╭─ EXTRACTED RECORDS
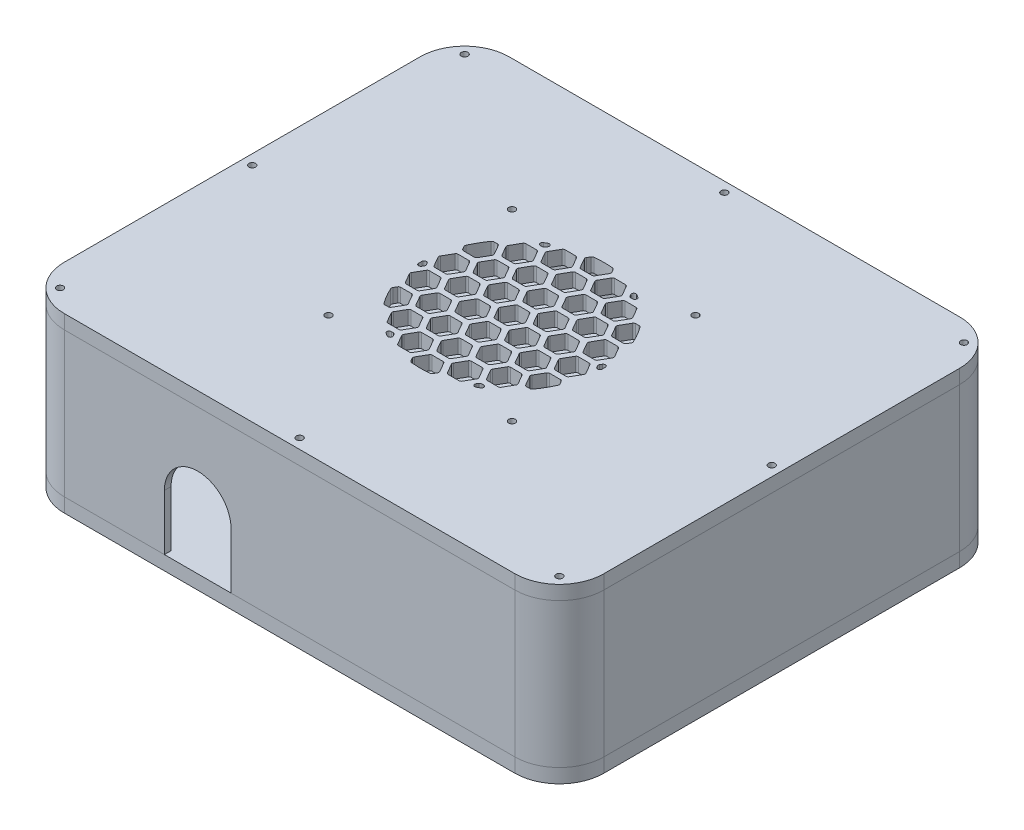
SolidWorks part; units mm, degrees
ref_plane "Front Plane" through (0, 0, 0) normal (0, 0, 1) x (1, 0, 0)
ref_plane "Top Plane" through (0, 0, 0) normal (0, 1, 0) x (1, 0, 0)
ref_plane "Right Plane" through (0, 0, 0) normal (1, 0, 0) x (0, 0, -1)
sketch "Sketch1" plane through (0, 0, 0) normal (0, 1, 0) x (1, 0, 0)
  line L0 (0, 100) -> (242.6, 100) construction
  line L1 (0, 0) -> (242.6, 0)
  line L2 (0, 0) -> (0, 200)
  line L3 (0, 200) -> (242.6, 200)
  line L4 (242.6, 0) -> (242.6, 200)
  line L6 (89, 170) -> (165.6, 170) construction
  line L7 (89, 170) -> (89, 15) construction
  line L8 (89, 15) -> (165.6, 15) construction
  line L9 (165.6, 170) -> (165.6, 15) construction
  line L10 (15, 106) -> (84, 106) construction
  line L11 (15, 106) -> (15, 15) construction
  line L12 (15, 15) -> (84, 15) construction
  line L13 (84, 106) -> (84, 15) construction
  line L14 (170.6, 127) -> (230.6, 127) construction
  line L15 (170.6, 127) -> (170.6, 15) construction
  line L16 (170.6, 15) -> (230.6, 15) construction
  line L17 (230.6, 127) -> (230.6, 15) construction
  line L22 (15, 170) -> (84, 170) construction
  line L23 (15, 170) -> (15, 121) construction
  line L24 (15, 121) -> (84, 121) construction
  line L25 (84, 170) -> (84, 121) construction
  dimension "D1" = 76.6
  dimension "D2" = 155
  dimension "D3" = 69
  dimension "D4" = 91
  dimension "D5" = 60
  dimension "D6" = 112
  dimension "D7" = 15
  dimension "D8" = 5
  dimension "D9" = 5
  dimension "D10" = 12
  dimension "D11" = 30
  dimension "D12" = 15
  dimension "D13" = 15
extrude "Boss-Extrude1" add sketch "Sketch1" along normal blind 6.35
fillet "Fillet1" radius 20 4 edges at (0, 3.175, -200) (242.6, 3.175, -200) (242.6, 3.175, 0) (0, 3.175, 0)
sketch "Sketch2" plane through (0, 6.35, 0) normal (0, 1, 0) x (1, 0, 0)
  line L0 (89, 170) -> (165.6, 170) construction
  line L1 (92.6, 167) -> (162, 167) construction
  line L2 (92.6, 167) -> (92.6, 25) construction
  line L3 (92.6, 25) -> (162, 25) construction
  line L4 (162, 167) -> (162, 25) construction
  line L5 (170.6, 127) -> (230.6, 127) construction
  line L6 (175.6, 65) -> (225.6, 65) construction
  line L7 (175.6, 65) -> (175.6, 40) construction
  line L8 (175.6, 40) -> (225.6, 40) construction
  line L9 (225.6, 65) -> (225.6, 40) construction
  line L11 (15, 170) -> (15, 121) construction
  line L12 (80.996, 125.18) -> (18.004, 125.18) construction
  line L13 (80.996, 125.18) -> (80.996, 165.82) construction
  line L14 (80.996, 165.82) -> (18.004, 165.82) construction
  line L15 (18.004, 125.18) -> (18.004, 165.82) construction
  line L16 (80.996, 125.18) -> (18.004, 165.82) construction
  line L17 (80.996, 165.82) -> (18.004, 125.18) construction
  line L18 (15, 170) -> (84, 170) construction
  line L19 (20, 0) -> (222.6, 0) construction
  circle A0 centre (92.6, 167) radius 1.5
  circle A1 centre (92.6, 25) radius 1.5
  circle A2 centre (162, 25) radius 1.5
  circle A3 centre (162, 167) radius 1.5
  circle A4 centre (175.6, 65) radius 1.5
  circle A5 centre (175.6, 40) radius 1.5
  circle A6 centre (225.6, 65) radius 1.5
  circle A7 centre (225.6, 40) radius 1.5
  circle A8 centre (18.004, 165.82) radius 1.5
  circle A9 centre (80.996, 165.82) radius 1.5
  circle A10 centre (80.996, 125.18) radius 1.5
  circle A11 centre (18.004, 125.18) radius 1.5
  point P6 (127.3, 167)
  point P7 (127.3, 170)
  point P20 (200.6, 65)
  point P23 (200.6, 127)
  point P26 (49.5, 145.5)
  point P34 (15, 145.5)
  point P37 (49.5, 170)
  dimension "D6" = 3
  dimension "D1" = 69.4
  dimension "D2" = 142
  dimension "D3" = 3
  dimension "D4" = 50
  dimension "D5" = 25
  dimension "D7" = 40
  dimension "D8" = 62.992
  dimension "D9" = 40.64
extrude "Cut-Extrude1" cut sketch "Sketch2" against normal through all
sketch "Sketch3" plane through (0, 6.35, 0) normal (0, 1, 0) x (1, 0, 0)
  line L21 (20, 20) -> (9.0398, 9.0398) construction
  line L22 (0, 180) -> (0, 20) construction
  line L23 (6.565, 11.5147) -> (5.7618, 10.7116)
  line L24 (11.5147, 6.565) -> (10.7116, 5.7618)
  line L25 (0, 100) -> (242.6, 100) construction
  line L26 (121.3, 200) -> (121.3, 0) construction
  line L27 (231.0853, 6.565) -> (231.8884, 5.7618)
  line L28 (236.035, 11.5147) -> (236.8382, 10.7116)
  line L29 (236.035, 188.4853) -> (236.8382, 189.2884)
  line L30 (231.0853, 193.435) -> (231.8884, 194.2382)
  line L31 (11.5147, 193.435) -> (10.7116, 194.2382)
  line L32 (6.565, 188.4853) -> (5.7618, 189.2884)
  line L33 (242.6, 20) -> (242.6, 180) construction
  line L34 (20, 0) -> (222.6, 0) construction
  line L35 (222.6, 200) -> (20, 200) construction
  line L36 (20, 20) -> (20, 12.5101) construction
  line L37 (3, 180) -> (3, 20)
  line L38 (20, 3) -> (222.6, 3)
  line L39 (239.6, 20) -> (239.6, 180)
  line L40 (222.6, 197) -> (20, 197)
  line L41 (222.6, 200) -> (20, 200)
  line L42 (0, 180) -> (0, 20)
  line L43 (20, 0) -> (222.6, 0)
  line L44 (242.6, 20) -> (242.6, 180)
  line L45 (222.6, 200) -> (20, 200)
  line L46 (0, 180) -> (0, 20)
  line L47 (20, 0) -> (222.6, 0)
  line L48 (242.6, 20) -> (242.6, 180)
  line L49 (4.5, 103.5) -> (3, 103.5)
  line L50 (3, 103.5) -> (3, 96.5)
  line L51 (3, 96.5) -> (4.5, 96.5)
  line L52 (239.6, 103.5) -> (239.6, 96.5)
  line L53 (238.1, 103.5) -> (239.6, 103.5)
  line L54 (239.6, 96.5) -> (238.1, 96.5)
  line L55 (117.8, 195.5) -> (117.8, 197)
  line L56 (124.8, 195.5) -> (124.8, 197)
  line L57 (117.8, 197) -> (124.8, 197)
  line L58 (117.8, 4.5) -> (117.8, 3)
  line L59 (124.8, 4.5) -> (124.8, 3)
  line L60 (117.8, 3) -> (124.8, 3)
  arc A22 (10.7116, 194.2382) -> (5.7618, 189.2884) centre (20, 180) ccw
  arc A24 (5.7618, 10.7116) -> (10.7116, 5.7618) centre (20, 20) ccw
  arc A26 (231.8884, 5.7618) -> (236.8382, 10.7116) centre (222.6, 20) ccw
  arc A28 (236.8382, 189.2884) -> (231.8884, 194.2382) centre (222.6, 180) ccw
  arc A43 (11.5147, 6.565) -> (6.565, 11.5147) centre (9.0398, 9.0398) ccw
  circle A44 centre (9.0398, 9.0398) radius 1.5
  circle A45 centre (233.5602, 9.0398) radius 1.5
  arc A46 (231.0853, 6.565) -> (236.035, 11.5147) centre (233.5602, 9.0398) cw
  circle A47 centre (233.5602, 190.9602) radius 1.5
  arc A48 (231.0853, 193.435) -> (236.035, 188.4853) centre (233.5602, 190.9602) ccw
  circle A49 centre (9.0398, 190.9602) radius 1.5
  arc A50 (11.5147, 193.435) -> (6.565, 188.4853) centre (9.0398, 190.9602) cw
  arc A51 (222.6, 0) -> (242.6, 20) centre (222.6, 20) ccw construction
  arc A52 (0, 20) -> (20, 0) centre (20, 20) ccw construction
  arc A53 (242.6, 180) -> (222.6, 200) centre (222.6, 180) ccw construction
  arc A54 (20, 200) -> (0, 180) centre (20, 180) ccw construction
  arc A55 (3, 20) -> (20, 3) centre (20, 20) ccw
  arc A56 (222.6, 3) -> (239.6, 20) centre (222.6, 20) ccw
  arc A57 (239.6, 180) -> (222.6, 197) centre (222.6, 180) ccw
  arc A58 (20, 197) -> (3, 180) centre (20, 180) ccw
  arc A59 (20, 200) -> (0, 180) centre (20, 180) ccw
  arc A60 (0, 20) -> (20, 0) centre (20, 20) ccw
  arc A61 (222.6, 0) -> (242.6, 20) centre (222.6, 20) ccw
  arc A62 (242.6, 180) -> (222.6, 200) centre (222.6, 180) ccw
  arc A63 (20, 200) -> (0, 180) centre (20, 180) ccw
  arc A64 (0, 20) -> (20, 0) centre (20, 20) ccw
  arc A65 (222.6, 0) -> (242.6, 20) centre (222.6, 20) ccw
  arc A66 (242.6, 180) -> (222.6, 200) centre (222.6, 180) ccw
  arc A67 (4.5, 96.5) -> (4.5, 103.5) centre (4.5, 100) ccw
  circle A68 centre (4.5, 100) radius 1.5
  arc A69 (238.1, 96.5) -> (238.1, 103.5) centre (238.1, 100) cw
  circle A70 centre (238.1, 100) radius 1.5
  circle A71 centre (121.3, 195.5) radius 1.5
  arc A72 (117.8, 195.5) -> (124.8, 195.5) centre (121.3, 195.5) ccw
  circle A73 centre (121.3, 4.5) radius 1.5
  arc A74 (117.8, 4.5) -> (124.8, 4.5) centre (121.3, 4.5) cw
  line M50 (222.6, 200) -> (20, 200)
  arc M51 (20, 200) -> (0, 180) centre (20, 180) ccw
  line M52 (0, 180) -> (0, 20)
  arc M53 (0, 20) -> (20, 0) centre (20, 20) ccw
  line M54 (20, 0) -> (222.6, 0)
  arc M55 (222.6, 0) -> (242.6, 20) centre (222.6, 20) ccw
  line M56 (242.6, 20) -> (242.6, 180)
  arc M57 (242.6, 180) -> (222.6, 200) centre (222.6, 180) ccw
  dimension "D3" = 0
  dimension "D4" = 7
  dimension "D5" = 3
  dimension "D1" = 3
  dimension "D7" = 3
  dimension "D6" = 3
  dimension "D2" = 45
extrude "Boss-Extrude2" add sketch "Sketch3" along normal blind 65 separate body contours M57 M50 M51 M52 M53 M54 M55 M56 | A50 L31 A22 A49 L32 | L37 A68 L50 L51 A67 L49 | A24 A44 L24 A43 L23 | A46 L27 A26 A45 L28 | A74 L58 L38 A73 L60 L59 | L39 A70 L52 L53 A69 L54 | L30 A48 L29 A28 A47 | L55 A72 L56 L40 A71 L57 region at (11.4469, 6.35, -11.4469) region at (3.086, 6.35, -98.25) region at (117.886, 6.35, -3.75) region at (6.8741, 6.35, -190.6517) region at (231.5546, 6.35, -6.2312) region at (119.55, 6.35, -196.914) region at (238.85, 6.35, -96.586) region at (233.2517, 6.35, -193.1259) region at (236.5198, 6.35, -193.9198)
╰─
## YOUR GOAL
What you give back must be the stretch above, starting at the line with "line L46 (0, 180) -> (0, 20)" and ending at the line with "arc A54 (20, 200)", copied exactly.

## RESULT OF THE TASK
  line L46 (0, 180) -> (0, 20)
  line L47 (20, 0) -> (222.6, 0)
  line L48 (242.6, 20) -> (242.6, 180)
  line L49 (4.5, 103.5) -> (3, 103.5)
  line L50 (3, 103.5) -> (3, 96.5)
  line L51 (3, 96.5) -> (4.5, 96.5)
  line L52 (239.6, 103.5) -> (239.6, 96.5)
  line L53 (238.1, 103.5) -> (239.6, 103.5)
  line L54 (239.6, 96.5) -> (238.1, 96.5)
  line L55 (117.8, 195.5) -> (117.8, 197)
  line L56 (124.8, 195.5) -> (124.8, 197)
  line L57 (117.8, 197) -> (124.8, 197)
  line L58 (117.8, 4.5) -> (117.8, 3)
  line L59 (124.8, 4.5) -> (124.8, 3)
  line L60 (117.8, 3) -> (124.8, 3)
  arc A22 (10.7116, 194.2382) -> (5.7618, 189.2884) centre (20, 180) ccw
  arc A24 (5.7618, 10.7116) -> (10.7116, 5.7618) centre (20, 20) ccw
  arc A26 (231.8884, 5.7618) -> (236.8382, 10.7116) centre (222.6, 20) ccw
  arc A28 (236.8382, 189.2884) -> (231.8884, 194.2382) centre (222.6, 180) ccw
  arc A43 (11.5147, 6.565) -> (6.565, 11.5147) centre (9.0398, 9.0398) ccw
  circle A44 centre (9.0398, 9.0398) radius 1.5
  circle A45 centre (233.5602, 9.0398) radius 1.5
  arc A46 (231.0853, 6.565) -> (236.035, 11.5147) centre (233.5602, 9.0398) cw
  circle A47 centre (233.5602, 190.9602) radius 1.5
  arc A48 (231.0853, 193.435) -> (236.035, 188.4853) centre (233.5602, 190.9602) ccw
  circle A49 centre (9.0398, 190.9602) radius 1.5
  arc A50 (11.5147, 193.435) -> (6.565, 188.4853) centre (9.0398, 190.9602) cw
  arc A51 (222.6, 0) -> (242.6, 20) centre (222.6, 20) ccw construction
  arc A52 (0, 20) -> (20, 0) centre (20, 20) ccw construction
  arc A53 (242.6, 180) -> (222.6, 200) centre (222.6, 180) ccw construction
  arc A54 (20, 200) -> (0, 180) centre (20, 180) ccw construction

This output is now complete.